Can science save the northern white rhino?

Three plans to revive the functionally extinct species are taking shape.

The northern white rhino reproduces like most mammals: a male and a female have sex, the female gets pregnant, and about 18 months later, a new rhino calf is born.

But right now, there aren’t any male northern white rhinos — the last one, Sudan, died in 2018 — and just two females remain.

In the past, that would mean the species’ total extinction was just on the horizon.

Today, though, teams of researchers are exploring three different plans to revive the northern white rhino — and one involves a controversial technique that could also revolutionize human reproduction.

Northern White Rhino Embryos

The first plan for saving the northern white rhino is straightforward, science-wise: in vitro fertilization (IVF).

Prior to his death, Sudan lived at Ol Pejeta Conservancy, a protected wildlife area in Kenya, along with the only remaining females of his species, Najin and her daughter Fatu.

They hope to inseminate the potential mothers before 2022.

When Sudan and four other males were still alive, Ol Pejeta researchers collected samples of their sperm. They’ve since used some of that sperm to fertilize eggs they retrieved from Najin and Fatu in 2019.

This has resulted in five viable embryos.

Both Fatu and Najin have known reproductive issues that would prevent them from being able to carry a calf to term, so researchers plan to use female southern white rhinos — a close relative of the northern white rhino, with numbers in the ten thousands — as surrogates.

Their hope is to complete the insemination of the potential mothers before 2022.

However, no one knows for sure whether the pregnancy will take, as rhino reproduction is complicated. The first southern white rhino conceived through artificial insemination was only just born in July 2019, and no one has been able to produce one through IVF yet.

Hybrid Embryos

Southern white rhinos are also at the center of another plan to save their close relatives from extinction.

The procedure researchers developed to extract eggs from Fatu and Najin required the use of a risky anesthetic, so before subjecting the pair to it, they tested the technique on 12 southern white rhinos.

They then used sperm from northern white rhinos to fertilize some of the eggs they collected.

If any calves were born from those hybrid embryos, they’d be half northern white rhino and half southern, which would keep the former species somewhat alive.

Still, Fatu and Najin would be the last fully northern white rhinos, and their deaths would bring about the species’ permanent extinction — unless scientists go to Plan C, a very experimental (and sometimes controversial) technique called in vitro gametogenesis (IVG).

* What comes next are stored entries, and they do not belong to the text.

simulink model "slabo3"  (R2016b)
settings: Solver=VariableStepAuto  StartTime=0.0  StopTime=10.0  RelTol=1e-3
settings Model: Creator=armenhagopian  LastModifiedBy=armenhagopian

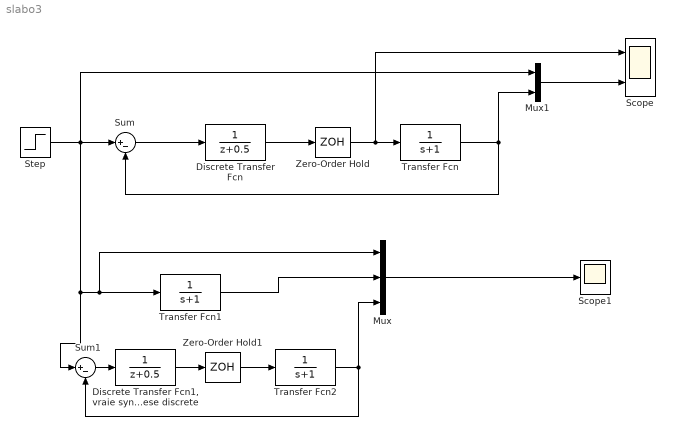
== system slabo3 ==
  Discrete Transfer Fcn : DiscreteTransferFcn
  "Discrete Transfer Fcn1, vraie synthese discrete" : DiscreteTransferFcn
  Mux : Mux  Inputs=3
  Mux1 : Mux  Inputs=2
  Scope : Scope  NumInputPorts=2
  Scope1 : Scope
  Step : Step  SampleTime=0
  Sum : Sum  Inputs=|+-
  Sum1 : Sum  Inputs=|+-
  Transfer Fcn : TransferFcn  Denominator=[1 1]
  Transfer Fcn1 : TransferFcn  Denominator=[1 1]
  Transfer Fcn2 : TransferFcn  Denominator=[1 1]
  Zero-Order Hold : ZeroOrderHold  SampleTime=-1
  Zero-Order Hold1 : ZeroOrderHold  SampleTime=-1
  wires:
  Sum/1 -> Discrete Transfer Fcn/1
  Discrete Transfer Fcn/1 -> Zero-Order Hold/1
  Zero-Order Hold/1 -> Scope/1, Transfer Fcn/1
  Transfer Fcn/1 -> Sum/2, Mux1/2
  Transfer Fcn1/1 -> Mux/2
  Mux/1 -> Scope1/1
  Mux1/1 -> Scope/2
  Step/1 -> Mux/1, Transfer Fcn1/1, Sum1/1, Mux1/1, Sum/1
  "Discrete Transfer Fcn1, vraie synthese discrete"/1 -> Zero-Order Hold1/1
  Zero-Order Hold1/1 -> Transfer Fcn2/1
  Transfer Fcn2/1 -> Sum1/2, Mux/3
  Sum1/1 -> "Discrete Transfer Fcn1, vraie synthese discrete"/1

In Vitro Gametogenesis (IVG)

In addition to collecting sperm and eggs from the last northern white rhinos, researchers have also collected and frozen tissue samples from about a dozen members of the species.

In 2011, a group at Scripps Research Institute in California proved it was possible to create induced pluripotent stem cells (iPSC) from this rhino tissue. These cells can be prompted to grow into any type of specialized cell under the right conditions — including reproductive cells.

In theory, researchers could prompt northern white rhino cells to develop into sperm and eggs, fertilize the eggs with the sperm, and then implant the embryos into surrogates (like the southern white rhinos).

Researchers have actually used IVG like this to successfully impregnate mice.

If it works in rhinos or other animals, it could bring whole species back from extinction (assuming you had enough tissue samples and a surrogate mother species).

If scientists can make it work in humans, it would completely change the parameters for reproduction. Single people could have babies related only to them, creating their own eggs and sperm, and same-sex couples could have tots that are related to them both (though two men would need to find a surrogate to carry the baby).

Again, IVG has only been shown in mice so far, so the use of such an experimental technique in rhinos would likely be years down the line (and humans even further).

However, it does offer hope that the northern white rhino species doesn’t have to die with Fatu and Najin, even after their last egg is gone.